Sen. Roger Wicker, a Republican from Mississippi who has spent years looking into corruption and human-rights abuses in Russia, had asked the Justice Department to investigate Lesin. In December 2014, the department confirmed it had referred Lesin’s case to the Criminal Division and to the FBI. While officials declined to say whether they formally opened an investigation, several close watchers of Lesin’s case told The Daily Beast they thought it was all but certain that he was being pursued by U.S. law enforcement. And if he wasn’t under active criminal investigation, the FBI had enough evidence to consider opening a case, they said. A bureau spokesperson declined to comment on the matter.
So why did Lesin, who was 57, tempt fate by entering the United States this past November?
The purpose of his visit was never made clear. But he was staying in a mid-range hotel on Washington’s DuPont Circle. While not shabby, it’s doesn’t seem the kind of place that attracts people who buy multimillion-dollar estates. It does, though, offer a comparatively low per-night rate, perhaps more in line with U.S. government budgets, and is known to host foreign government officials and visitors on exchange programs. It’s also located a short drive from FBI and Justice Department headquarters.
These are the broad strokes of Lesin’s case. And in some foreign policy circles in Washington—as well as in Russian media—they have fueled speculation that Lesin was murdered after coming to Washington to cut a deal with the FBI.
Lesin certainly would have had a lot to say about Putin’s inner circle—he worked with, and reportedly owed money to, some of the most powerful men in Russian media and finance. And he would have had a powerful incentive to cooperate with U.S. authorities, namely hanging onto his several mansions in Los Angeles, which potentially could have been seized. At least two of the homes are known to be occupied, respectively, by his daughter and his son, a Hollywood film producer whose star is on the rise.
Adding to the mystery, the precise cause of Lesin’s untimely demise hasn’t been revealed. Almost immediately, the broadcasting outfit RT (Russia Today), widely seen as a Kremlin mouthpiece, reported that Lesin died of a “heart attack,” citing an unnamed “family member.”
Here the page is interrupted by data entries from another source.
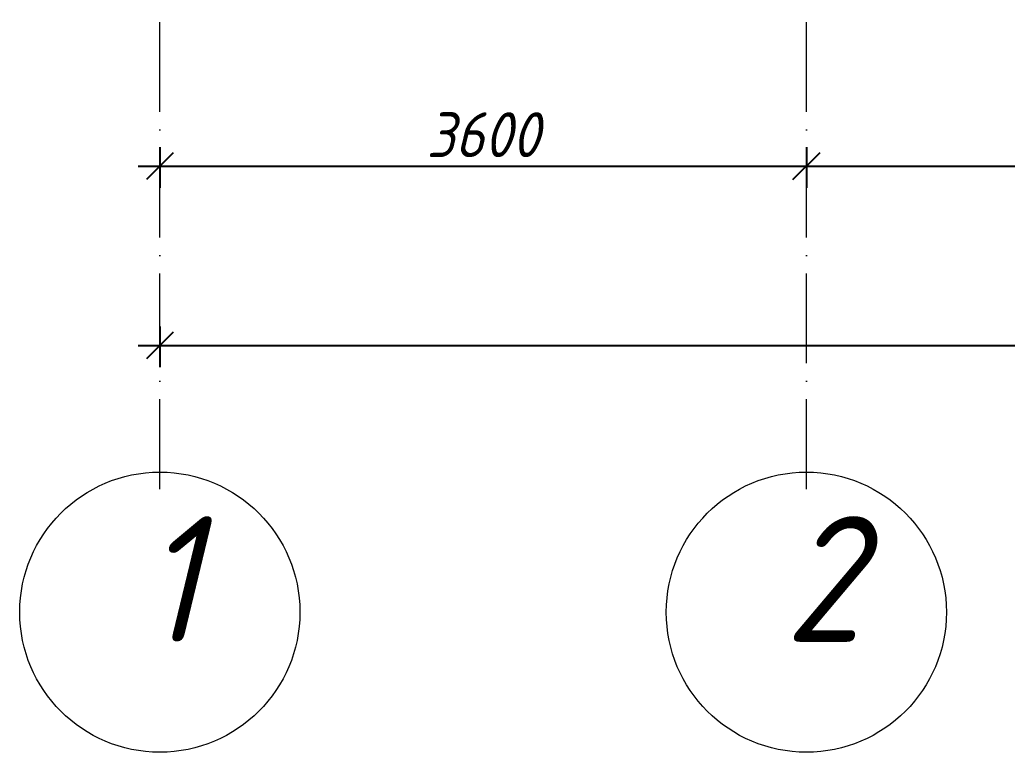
# Model space of a CAD drawing. Header units: millimetres. Extents: x 12986 to 523328, y -9759 to 30092.
# Drawn here: x 61327 to 66825, y -5546 to -1467 of the extents above; entities that cross this region are included whole.
import ezdxf

# ---------------------------------------------------------------- set-up
doc = ezdxf.new("R2010")
doc.units = ezdxf.units.MM
doc.linetypes.add('50_200_ШТРИХ_1Т_ш5_п1_п1_', pattern=[700, 500, -100, 0, -100])
for name, color, linetype, lineweight in [('A-ANNO-DIMS', 7, 'Continuous', 9), ('Оси', 7, 'Continuous', 9), ('Оси-1', 7, 'Continuous', 20), ('Оси-2', 7, '50_200_ШТРИХ_1Т_ш5_п1_п1_', 9)]:
    doc.layers.add(name, color=color, linetype=linetype, lineweight=lineweight)
doc.styles.add('ISOCPEUR_I_1', font='isocpeui.ttf', dxfattribs={"width": 0.9, "height": 250})
doc.dimstyles.new('ISO-2_5_0_9К_БОЛЬШОЙ__с_подложкой_', dxfattribs={"dimscale": 304.8, "dimtxt": 248.995294, "dimasz": 0.492126, "dimexe": 0.393701, "dimexo": 0, "dimgap": 0.164042, "dimtad": 1, "dimdec": 0, "dimzin": 0, "dimdsep": 46, "dimtxsty": 'ISOCPEUR_I_1', "dimblk1": 'OBLIQUE', "dimblk2": 'OBLIQUE', "dimsah": 1, "dimcen": 0.09, "dimdle": 0.393701, "dimazin": 0, "dimtfac": 1, "dimtdec": 4, "dimtix": 1, "dimtmove": 0, "dimatfit": 3, "dimfxl": 1, "dimtvp": 1, "dimtfill": 1, "dimtolj": 1, "dimtzin": 0, "dimarcsym": 2})
doc.dimstyles.new('ISO-2_5_0_9К_БОЛЬШОЙ__с_подложкой__2', dxfattribs={"dimscale": 304.8, "dimtxt": 248.995294, "dimasz": 0.492126, "dimexe": 0.393701, "dimexo": 0, "dimgap": 0.164042, "dimtad": 1, "dimdec": 0, "dimzin": 0, "dimdsep": 46, "dimtxsty": 'ISOCPEUR_I_1', "dimblk1": 'OBLIQUE', "dimblk2": 'OBLIQUE', "dimsah": 1, "dimcen": 0.09, "dimdle": 0.393701, "dimazin": 0, "dimtfac": 1, "dimtdec": 4, "dimtix": 1, "dimtmove": 2, "dimatfit": 3, "dimfxl": 1, "dimtvp": 1, "dimtfill": 1, "dimtolj": 1, "dimtzin": 0, "dimarcsym": 2})

# ---------------------------------------------------------------- blocks, each defined once
blk = doc.blocks.new('Ось сетки - Круг_Ø6_00__ISO-2_5_0_9K_ кружки поменьше-23056867-АР1_Кладочный план 1 этажа')
at = {"layer": 'Оси-1'}
blk.add_circle((0, 0), 2.6, dxfattribs=at)
blk = doc.blocks.new('_Oblique')
at = {"color": 0, "linetype": 'ByBlock', "lineweight": -2}
blk.add_line((-0.5, -0.5), (0.5, 0.5), dxfattribs=at)
blk = doc.blocks.new('DIMBLOCK13-АР1_Кладочный план 1 этажа')
at = {"layer": 'A-ANNO-DIMS', "color": 0, "lineweight": -2, "transparency": 16777216}
for p, q in [((62106.9, -2175.9), (62106.9, -2402)), ((65706.9, -2175.9), (65706.9, -2402)), ((61986.9, -2282), (65826.9, -2282))]:
    blk.add_line(p, q, dxfattribs=at)
at = {"layer": 'Defpoints', "color": 0, "transparency": 16777216}
for p in [(62106.9, -2175.9), (65706.9, -2175.9), (65706.9, -2282)]:
    blk.add_point(p, dxfattribs=at)
at = {"layer": 'A-ANNO-DIMS', "color": 0, "lineweight": -2, "transparency": 16777216, "xscale": 150, "yscale": 150, "zscale": 150, "rotation": 180}
blk.add_blockref('_Oblique', (62106.9, -2282), dxfattribs=at)
at = {"layer": 'A-ANNO-DIMS', "color": 0, "lineweight": -2, "transparency": 16777216, "xscale": 150, "yscale": 150, "zscale": 150}
blk.add_blockref('_Oblique', (65706.9, -2282), dxfattribs=at)
at = {"layer": 'A-ANNO-DIMS', "color": 0, "transparency": 16777216, "insert": (63906.9, -2107), "char_height": 250, "width": 758.478, "attachment_point": 5, "style": 'ISOCPEUR_I_1', "bg_fill": 3, "box_fill_scale": 1.1, "bg_fill_color": 256, "bg_fill_true_color": 13158600, "bg_fill_transparency": 0}
blk.add_mtext('\\A1;3600', dxfattribs=at)
blk = doc.blocks.new('DIMBLOCK14-АР1_Кладочный план 1 этажа')
at = {"layer": 'A-ANNO-DIMS', "color": 0, "lineweight": -2, "transparency": 16777216}
for p, q in [((65706.9, -2175.9), (65706.9, -2402)), ((70006.9, -2175.9), (70006.9, -2402)), ((65586.9, -2282), (70126.9, -2282))]:
    blk.add_line(p, q, dxfattribs=at)
at = {"layer": 'Defpoints', "color": 0, "transparency": 16777216}
for p in [(65706.9, -2175.9), (70006.9, -2175.9), (70006.9, -2282)]:
    blk.add_point(p, dxfattribs=at)
at = {"layer": 'A-ANNO-DIMS', "color": 0, "lineweight": -2, "transparency": 16777216, "xscale": 150, "yscale": 150, "zscale": 150, "rotation": 180}
blk.add_blockref('_Oblique', (65706.9, -2282), dxfattribs=at)
at = {"layer": 'A-ANNO-DIMS', "color": 0, "lineweight": -2, "transparency": 16777216, "xscale": 150, "yscale": 150, "zscale": 150}
blk.add_blockref('_Oblique', (70006.9, -2282), dxfattribs=at)
at = {"layer": 'A-ANNO-DIMS', "color": 0, "transparency": 16777216, "insert": (67856.9, -2107), "char_height": 250, "width": 781.462, "attachment_point": 5, "style": 'ISOCPEUR_I_1', "bg_fill": 3, "box_fill_scale": 1.1, "bg_fill_color": 256, "bg_fill_true_color": 13158600, "bg_fill_transparency": 0}
blk.add_mtext('\\A1;4300', dxfattribs=at)
blk = doc.blocks.new('DIMBLOCK54-АР1_Кладочный план 1 этажа')
at = {"layer": 'A-ANNO-DIMS', "color": 0, "lineweight": -2, "transparency": 16777216}
for p, q in [((62106.9, -3174.6), (62106.9, -3400.7)), ((187006.9, -3174.6), (187006.9, -3400.7)), ((61986.9, -3280.7), (122782.7, -3280.7)), ((187126.9, -3280.7), (123784.9, -3280.7))]:
    blk.add_line(p, q, dxfattribs=at)
at = {"layer": 'Defpoints', "color": 0, "transparency": 16777216}
for p in [(62106.9, -3174.6), (187006.9, -3174.6), (187006.9, -3280.7)]:
    blk.add_point(p, dxfattribs=at)
at = {"layer": 'A-ANNO-DIMS', "color": 0, "lineweight": -2, "transparency": 16777216, "xscale": 150, "yscale": 150, "zscale": 150, "rotation": 180}
blk.add_blockref('_Oblique', (62106.9, -3280.7), dxfattribs=at)
at = {"layer": 'A-ANNO-DIMS', "color": 0, "lineweight": -2, "transparency": 16777216, "xscale": 150, "yscale": 150, "zscale": 150}
blk.add_blockref('_Oblique', (187006.9, -3280.7), dxfattribs=at)
at = {"layer": 'A-ANNO-DIMS', "color": 0, "transparency": 16777216, "insert": (122732.2, -2904), "char_height": 250, "width": 1103.241, "attachment_point": 1, "line_spacing_factor": 1.149209, "style": 'ISOCPEUR_I_1', "bg_fill": 3, "box_fill_scale": 1.1, "bg_fill_color": 256, "bg_fill_true_color": 13158600, "bg_fill_transparency": 0}
blk.add_mtext('\\A1;124900', dxfattribs=at)

msp = doc.modelspace()

# ---------------------------------------------------------------- linework, layer by layer
at = {"layer": 'Оси-2'}
for p, q in [((62106.89328, -4080), (62106.89328, 28636.94316)), ((65706.89328, -4080), (65706.89328, 28636.94316))]:
    msp.add_line(p, q, dxfattribs=at)

# ---------------------------------------------------------------- block references
at = {"layer": 'Оси-1', "xscale": 300, "yscale": 300, "zscale": 99.99999999999993}
for p in [(62106.89328, -4766), (65706.89328, -4766)]:
    msp.add_blockref('Ось сетки - Круг_Ø6_00__ISO-2_5_0_9K_ кружки поменьше-23056867-АР1_Кладочный план 1 этажа', p, dxfattribs=at)

# ---------------------------------------------------------------- texts
at = {"layer": 'Оси', "char_height": 700, "attachment_point": 1, "style": 'ISOCPEUR_I_1'}
for s, insert, width in [('\\fISOCPEUR|b0|i1|c204|p34|;\\W.9;1', (62009.06497, -4231.22535), 144.30375), ('\\fISOCPEUR|b0|i1|c204|p34|;\\W.9;2', (65585.21496, -4231.22535), 202.02525)]:
    msp.add_mtext(s, dxfattribs=dict(at, insert=insert, width=width))

# ---------------------------------------------------------------- next in the draw order: dimensions: what is measured, and where the dimension line sits
at = {"layer": 'A-ANNO-DIMS'}
dim = msp.add_linear_dim(base=(65706.89328, -2282.00348), p1=(62106.89328, -2175.93746), p2=(65706.89328, -2175.93746), dimstyle='ISO-2_5_0_9К_БОЛЬШОЙ__с_подложкой_', override={"dimpost": '<>', "dimfxl": 3599.999993}, dxfattribs=at)
dim.commit()
dim.dimension.update_dxf_attribs({"geometry": 'DIMBLOCK13-АР1_Кладочный план 1 этажа', "text_midpoint": (63906.89328, -2107.00348)})
dim = msp.add_linear_dim(base=(187006.89325, -3280.65712), p1=(62106.89328, -3174.5911), p2=(187006.89325, -3174.5911), dimstyle='ISO-2_5_0_9К_БОЛЬШОЙ__с_подложкой__2', override={"dimpost": '<>', "dimfxl": 124899.999966}, dxfattribs=at)
dim.commit()
dim.dimension.update_dxf_attribs({"geometry": 'DIMBLOCK54-АР1_Кладочный план 1 этажа', "text_midpoint": (123283.80161, -3070.70985), "dimtype": 160})

# ---------------------------------------------------------------- next in the draw order: dimensions: what is measured, and where the dimension line sits
dim = msp.add_linear_dim(base=(70006.89325, -2282.00348), p1=(65706.89328, -2175.93746), p2=(70006.89325, -2175.93746), dimstyle='ISO-2_5_0_9К_БОЛЬШОЙ__с_подложкой_', override={"dimpost": '<>', "dimfxl": 4299.999972}, dxfattribs=at)
dim.commit()
dim.dimension.update_dxf_attribs({"geometry": 'DIMBLOCK14-АР1_Кладочный план 1 этажа', "text_midpoint": (67856.89326, -2107.00348)})

doc.saveas('drawing.dxf')

But a spokesperson for the Washington, D.C., police department told The Daily Beast that Lesin’s death is still under investigation. And although a coroner performed an autopsy nearly two months ago, the police aren’t saying how he died. That’s an unusually long time not to publicly state a cause of death.
The conspiracy theories are arguably well-founded, because it wouldn’t be the first time someone who posed a political threat to Putin wound up dead under unusual circumstances, including poisoning.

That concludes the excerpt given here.